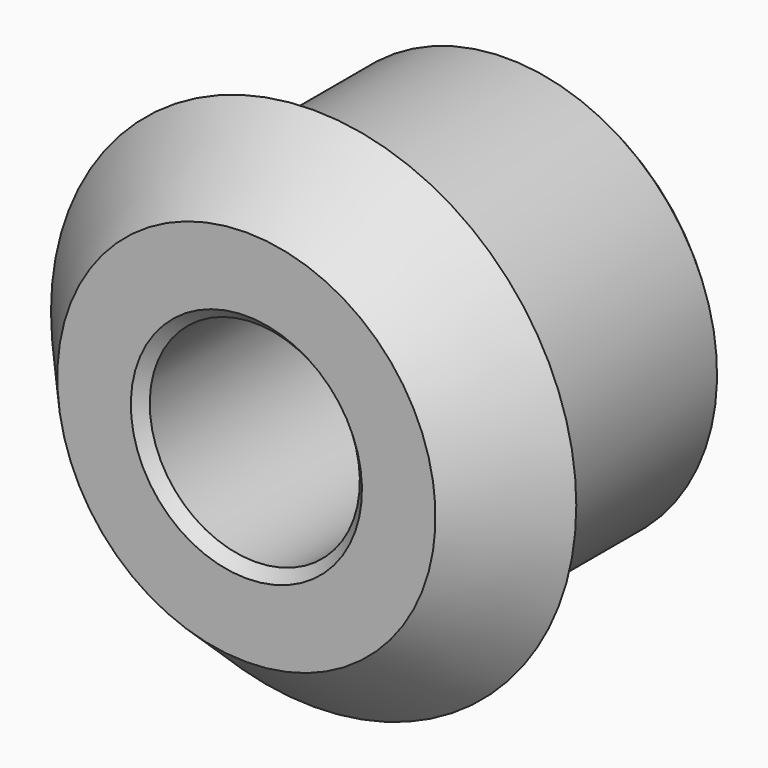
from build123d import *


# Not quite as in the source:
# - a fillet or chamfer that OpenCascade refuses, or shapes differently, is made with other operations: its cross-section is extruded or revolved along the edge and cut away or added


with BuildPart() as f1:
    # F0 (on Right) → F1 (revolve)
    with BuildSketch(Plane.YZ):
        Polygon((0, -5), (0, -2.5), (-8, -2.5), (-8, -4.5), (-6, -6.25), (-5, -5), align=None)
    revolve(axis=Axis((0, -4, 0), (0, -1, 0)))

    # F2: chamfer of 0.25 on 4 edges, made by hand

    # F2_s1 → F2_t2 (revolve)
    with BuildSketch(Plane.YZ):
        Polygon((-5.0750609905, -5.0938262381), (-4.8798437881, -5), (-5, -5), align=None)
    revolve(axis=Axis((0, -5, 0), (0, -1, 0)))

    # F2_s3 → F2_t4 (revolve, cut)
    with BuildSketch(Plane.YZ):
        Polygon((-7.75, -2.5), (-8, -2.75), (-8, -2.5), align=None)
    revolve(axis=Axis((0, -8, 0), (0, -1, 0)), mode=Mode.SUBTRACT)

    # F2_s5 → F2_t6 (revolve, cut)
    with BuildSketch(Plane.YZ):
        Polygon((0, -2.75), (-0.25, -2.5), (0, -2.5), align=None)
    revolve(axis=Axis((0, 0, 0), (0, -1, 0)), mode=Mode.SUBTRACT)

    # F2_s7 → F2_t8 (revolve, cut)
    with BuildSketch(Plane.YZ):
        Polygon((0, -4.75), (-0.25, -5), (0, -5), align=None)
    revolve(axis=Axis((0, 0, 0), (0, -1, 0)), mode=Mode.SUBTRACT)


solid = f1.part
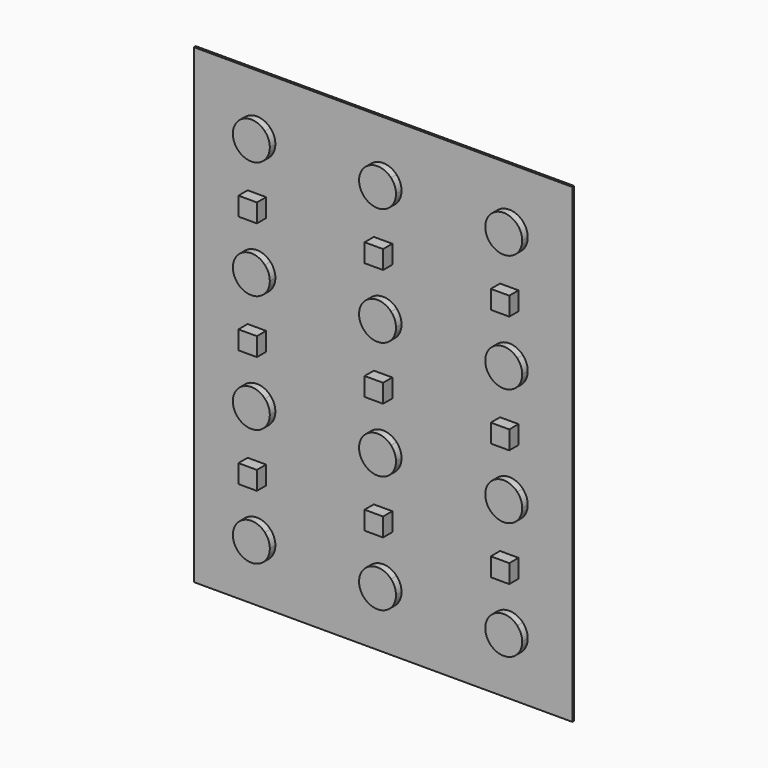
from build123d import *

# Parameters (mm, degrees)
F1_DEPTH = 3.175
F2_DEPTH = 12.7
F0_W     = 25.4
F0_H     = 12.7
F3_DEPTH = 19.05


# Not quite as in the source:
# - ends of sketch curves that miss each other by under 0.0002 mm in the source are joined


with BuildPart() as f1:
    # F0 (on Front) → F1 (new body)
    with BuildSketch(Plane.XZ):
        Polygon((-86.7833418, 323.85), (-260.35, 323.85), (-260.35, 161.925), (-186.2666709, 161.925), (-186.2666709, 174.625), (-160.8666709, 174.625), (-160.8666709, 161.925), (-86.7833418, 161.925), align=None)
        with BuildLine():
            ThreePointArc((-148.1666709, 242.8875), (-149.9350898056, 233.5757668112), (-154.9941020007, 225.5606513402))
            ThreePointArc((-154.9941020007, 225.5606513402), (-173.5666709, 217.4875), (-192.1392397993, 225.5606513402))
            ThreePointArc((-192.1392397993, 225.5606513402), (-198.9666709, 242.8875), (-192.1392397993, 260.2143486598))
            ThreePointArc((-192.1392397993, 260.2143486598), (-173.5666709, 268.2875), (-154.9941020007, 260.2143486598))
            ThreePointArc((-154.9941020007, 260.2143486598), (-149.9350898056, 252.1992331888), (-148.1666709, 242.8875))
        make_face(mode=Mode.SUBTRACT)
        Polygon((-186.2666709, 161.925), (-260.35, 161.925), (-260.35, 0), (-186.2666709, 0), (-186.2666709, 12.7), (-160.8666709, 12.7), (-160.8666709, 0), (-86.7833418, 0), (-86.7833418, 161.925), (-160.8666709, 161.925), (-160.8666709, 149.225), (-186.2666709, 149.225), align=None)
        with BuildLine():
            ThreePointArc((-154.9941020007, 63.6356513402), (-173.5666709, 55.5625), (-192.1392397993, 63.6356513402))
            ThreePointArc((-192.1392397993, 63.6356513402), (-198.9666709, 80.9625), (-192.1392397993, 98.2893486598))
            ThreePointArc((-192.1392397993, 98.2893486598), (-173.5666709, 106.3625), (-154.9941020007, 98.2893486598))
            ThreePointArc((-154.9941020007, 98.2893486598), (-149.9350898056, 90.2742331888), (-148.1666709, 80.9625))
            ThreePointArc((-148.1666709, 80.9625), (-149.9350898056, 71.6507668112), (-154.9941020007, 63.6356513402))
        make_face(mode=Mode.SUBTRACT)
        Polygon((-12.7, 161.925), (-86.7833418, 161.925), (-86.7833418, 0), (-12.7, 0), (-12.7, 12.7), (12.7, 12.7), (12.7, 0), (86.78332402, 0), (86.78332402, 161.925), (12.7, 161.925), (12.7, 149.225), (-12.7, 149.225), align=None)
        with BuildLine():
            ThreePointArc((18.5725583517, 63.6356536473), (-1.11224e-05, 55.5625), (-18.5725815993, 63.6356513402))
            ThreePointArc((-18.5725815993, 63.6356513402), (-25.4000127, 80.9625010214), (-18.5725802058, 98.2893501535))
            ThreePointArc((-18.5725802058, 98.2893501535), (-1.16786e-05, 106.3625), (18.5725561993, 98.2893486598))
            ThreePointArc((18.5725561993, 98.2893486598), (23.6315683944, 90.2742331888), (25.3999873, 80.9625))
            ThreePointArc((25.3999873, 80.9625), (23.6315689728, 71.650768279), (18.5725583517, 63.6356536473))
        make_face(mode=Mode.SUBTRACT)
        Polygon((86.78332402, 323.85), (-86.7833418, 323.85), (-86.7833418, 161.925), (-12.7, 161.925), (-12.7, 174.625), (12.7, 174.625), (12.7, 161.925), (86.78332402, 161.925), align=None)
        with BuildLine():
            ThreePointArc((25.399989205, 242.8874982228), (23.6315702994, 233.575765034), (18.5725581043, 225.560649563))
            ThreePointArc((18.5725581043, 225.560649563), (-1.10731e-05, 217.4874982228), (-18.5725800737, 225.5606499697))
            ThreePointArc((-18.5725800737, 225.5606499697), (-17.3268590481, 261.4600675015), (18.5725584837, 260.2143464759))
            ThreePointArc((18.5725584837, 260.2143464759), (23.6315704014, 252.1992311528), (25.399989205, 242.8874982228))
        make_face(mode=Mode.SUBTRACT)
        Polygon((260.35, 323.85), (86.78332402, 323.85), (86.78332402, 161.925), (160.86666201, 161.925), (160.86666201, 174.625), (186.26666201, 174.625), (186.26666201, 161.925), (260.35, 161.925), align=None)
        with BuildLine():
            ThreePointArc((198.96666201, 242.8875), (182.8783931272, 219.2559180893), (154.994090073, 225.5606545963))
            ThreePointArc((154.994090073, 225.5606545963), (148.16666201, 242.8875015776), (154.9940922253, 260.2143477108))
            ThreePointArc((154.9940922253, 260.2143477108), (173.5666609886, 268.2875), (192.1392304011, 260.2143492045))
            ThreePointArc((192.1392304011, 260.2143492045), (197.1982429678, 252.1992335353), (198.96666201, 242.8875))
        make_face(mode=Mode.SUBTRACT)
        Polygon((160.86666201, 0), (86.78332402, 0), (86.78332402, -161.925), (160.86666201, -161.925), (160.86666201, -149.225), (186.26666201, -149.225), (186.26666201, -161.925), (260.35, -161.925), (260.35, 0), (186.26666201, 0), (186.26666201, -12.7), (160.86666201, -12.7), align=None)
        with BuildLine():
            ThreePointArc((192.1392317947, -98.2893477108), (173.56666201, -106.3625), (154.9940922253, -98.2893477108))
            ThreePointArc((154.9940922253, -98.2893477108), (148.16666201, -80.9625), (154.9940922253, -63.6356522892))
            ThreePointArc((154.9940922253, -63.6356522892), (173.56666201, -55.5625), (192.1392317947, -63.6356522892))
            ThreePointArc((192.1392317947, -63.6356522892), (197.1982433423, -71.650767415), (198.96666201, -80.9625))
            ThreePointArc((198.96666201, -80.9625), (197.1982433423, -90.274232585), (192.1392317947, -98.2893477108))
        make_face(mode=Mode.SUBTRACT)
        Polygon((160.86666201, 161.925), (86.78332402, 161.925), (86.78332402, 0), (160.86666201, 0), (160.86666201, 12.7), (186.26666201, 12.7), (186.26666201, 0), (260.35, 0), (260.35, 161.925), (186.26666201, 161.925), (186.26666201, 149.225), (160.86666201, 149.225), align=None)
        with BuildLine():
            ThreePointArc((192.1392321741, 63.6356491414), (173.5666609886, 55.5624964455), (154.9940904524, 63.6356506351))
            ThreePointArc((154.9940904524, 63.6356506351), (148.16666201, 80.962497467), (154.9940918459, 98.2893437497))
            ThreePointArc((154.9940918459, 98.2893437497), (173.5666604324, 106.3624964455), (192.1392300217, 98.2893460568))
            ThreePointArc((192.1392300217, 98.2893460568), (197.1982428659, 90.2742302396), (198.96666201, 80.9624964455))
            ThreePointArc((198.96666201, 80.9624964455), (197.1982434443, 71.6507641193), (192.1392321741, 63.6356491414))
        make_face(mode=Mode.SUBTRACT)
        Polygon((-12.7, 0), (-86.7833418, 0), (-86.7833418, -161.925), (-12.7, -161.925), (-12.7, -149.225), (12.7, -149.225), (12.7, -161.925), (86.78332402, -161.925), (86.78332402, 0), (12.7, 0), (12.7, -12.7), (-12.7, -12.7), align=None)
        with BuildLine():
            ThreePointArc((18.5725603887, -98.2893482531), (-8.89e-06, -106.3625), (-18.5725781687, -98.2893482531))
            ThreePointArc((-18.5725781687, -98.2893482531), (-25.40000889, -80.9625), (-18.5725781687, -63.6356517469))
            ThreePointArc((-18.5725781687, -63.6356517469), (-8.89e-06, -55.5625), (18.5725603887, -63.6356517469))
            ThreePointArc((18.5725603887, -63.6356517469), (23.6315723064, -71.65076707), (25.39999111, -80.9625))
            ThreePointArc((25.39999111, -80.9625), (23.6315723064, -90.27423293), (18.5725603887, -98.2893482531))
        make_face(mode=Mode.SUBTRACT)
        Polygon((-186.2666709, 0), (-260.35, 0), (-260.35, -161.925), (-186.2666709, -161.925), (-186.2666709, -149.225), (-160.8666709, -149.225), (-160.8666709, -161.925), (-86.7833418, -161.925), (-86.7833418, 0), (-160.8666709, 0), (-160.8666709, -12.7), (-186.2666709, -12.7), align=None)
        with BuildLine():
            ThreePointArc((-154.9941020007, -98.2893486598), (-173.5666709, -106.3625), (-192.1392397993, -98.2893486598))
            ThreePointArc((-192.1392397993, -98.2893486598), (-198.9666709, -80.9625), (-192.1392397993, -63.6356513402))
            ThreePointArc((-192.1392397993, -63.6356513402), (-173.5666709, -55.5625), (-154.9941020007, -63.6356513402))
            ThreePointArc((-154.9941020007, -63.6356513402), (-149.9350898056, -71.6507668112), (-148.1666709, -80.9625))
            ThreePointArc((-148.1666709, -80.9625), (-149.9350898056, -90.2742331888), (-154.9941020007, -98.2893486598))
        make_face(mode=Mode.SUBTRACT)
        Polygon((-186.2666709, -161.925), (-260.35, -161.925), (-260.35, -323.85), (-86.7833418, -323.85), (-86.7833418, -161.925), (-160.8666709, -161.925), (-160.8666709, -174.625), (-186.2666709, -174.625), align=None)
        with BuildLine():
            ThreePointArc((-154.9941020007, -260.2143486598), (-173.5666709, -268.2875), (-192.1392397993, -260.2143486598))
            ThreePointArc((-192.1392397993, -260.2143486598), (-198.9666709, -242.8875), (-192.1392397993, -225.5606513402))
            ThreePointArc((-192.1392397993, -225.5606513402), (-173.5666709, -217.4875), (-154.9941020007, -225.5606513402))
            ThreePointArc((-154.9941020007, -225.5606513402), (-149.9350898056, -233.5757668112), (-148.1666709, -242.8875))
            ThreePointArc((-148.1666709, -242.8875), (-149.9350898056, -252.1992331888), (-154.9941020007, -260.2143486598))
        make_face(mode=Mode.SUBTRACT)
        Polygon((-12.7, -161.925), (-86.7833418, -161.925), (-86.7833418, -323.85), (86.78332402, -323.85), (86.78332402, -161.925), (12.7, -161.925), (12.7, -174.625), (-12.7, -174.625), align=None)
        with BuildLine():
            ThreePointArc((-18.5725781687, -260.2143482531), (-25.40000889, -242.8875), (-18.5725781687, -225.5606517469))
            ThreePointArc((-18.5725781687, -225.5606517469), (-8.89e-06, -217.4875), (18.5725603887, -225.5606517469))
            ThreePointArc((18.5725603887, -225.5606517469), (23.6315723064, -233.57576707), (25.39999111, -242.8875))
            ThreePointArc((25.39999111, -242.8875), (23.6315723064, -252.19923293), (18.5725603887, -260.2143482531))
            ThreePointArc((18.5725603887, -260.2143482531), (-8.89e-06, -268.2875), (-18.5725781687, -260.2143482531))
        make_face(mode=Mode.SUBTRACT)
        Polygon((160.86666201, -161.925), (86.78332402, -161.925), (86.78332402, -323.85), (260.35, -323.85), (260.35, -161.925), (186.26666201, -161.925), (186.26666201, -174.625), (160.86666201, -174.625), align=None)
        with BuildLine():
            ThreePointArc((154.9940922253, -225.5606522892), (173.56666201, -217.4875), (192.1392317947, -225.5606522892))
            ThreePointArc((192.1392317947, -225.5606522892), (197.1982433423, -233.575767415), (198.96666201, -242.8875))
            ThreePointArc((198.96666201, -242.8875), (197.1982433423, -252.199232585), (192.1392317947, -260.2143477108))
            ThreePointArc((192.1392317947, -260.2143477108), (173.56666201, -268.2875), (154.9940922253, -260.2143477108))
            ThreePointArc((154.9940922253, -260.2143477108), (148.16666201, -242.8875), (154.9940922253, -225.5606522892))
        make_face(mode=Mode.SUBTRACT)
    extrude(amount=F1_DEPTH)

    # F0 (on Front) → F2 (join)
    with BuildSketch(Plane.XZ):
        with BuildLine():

════

• **EXERCISE REQUIREMENTS**
What is needed is an exact retyping of the lines from the start of the data through the line with "# Parameters (mm, degrees)", with both end lines kept and every picture left out.

• **TASK SOLUTION**
from build123d import *


# Not quite as in the source:
# - a fillet or chamfer that OpenCascade refuses, or shapes differently, is made with other operations: its cross-section is extruded or revolved along the edge and cut away or added


with BuildPart() as f1:
    # F0 (on Right) → F1 (revolve)
    with BuildSketch(Plane.YZ):
        Polygon((0, -5), (0, -2.5), (-8, -2.5), (-8, -4.5), (-6, -6.25), (-5, -5), align=None)
    revolve(axis=Axis((0, -4, 0), (0, -1, 0)))

    # F2: chamfer of 0.25 on 4 edges, made by hand

    # F2_s1 → F2_t2 (revolve)
    with BuildSketch(Plane.YZ):
        Polygon((-5.0750609905, -5.0938262381), (-4.8798437881, -5), (-5, -5), align=None)
    revolve(axis=Axis((0, -5, 0), (0, -1, 0)))

    # F2_s3 → F2_t4 (revolve, cut)
    with BuildSketch(Plane.YZ):
        Polygon((-7.75, -2.5), (-8, -2.75), (-8, -2.5), align=None)
    revolve(axis=Axis((0, -8, 0), (0, -1, 0)), mode=Mode.SUBTRACT)

    # F2_s5 → F2_t6 (revolve, cut)
    with BuildSketch(Plane.YZ):
        Polygon((0, -2.75), (-0.25, -2.5), (0, -2.5), align=None)
    revolve(axis=Axis((0, 0, 0), (0, -1, 0)), mode=Mode.SUBTRACT)

    # F2_s7 → F2_t8 (revolve, cut)
    with BuildSketch(Plane.YZ):
        Polygon((0, -4.75), (-0.25, -5), (0, -5), align=None)
    revolve(axis=Axis((0, 0, 0), (0, -1, 0)), mode=Mode.SUBTRACT)


solid = f1.part
from build123d import *

# Parameters (mm, degrees)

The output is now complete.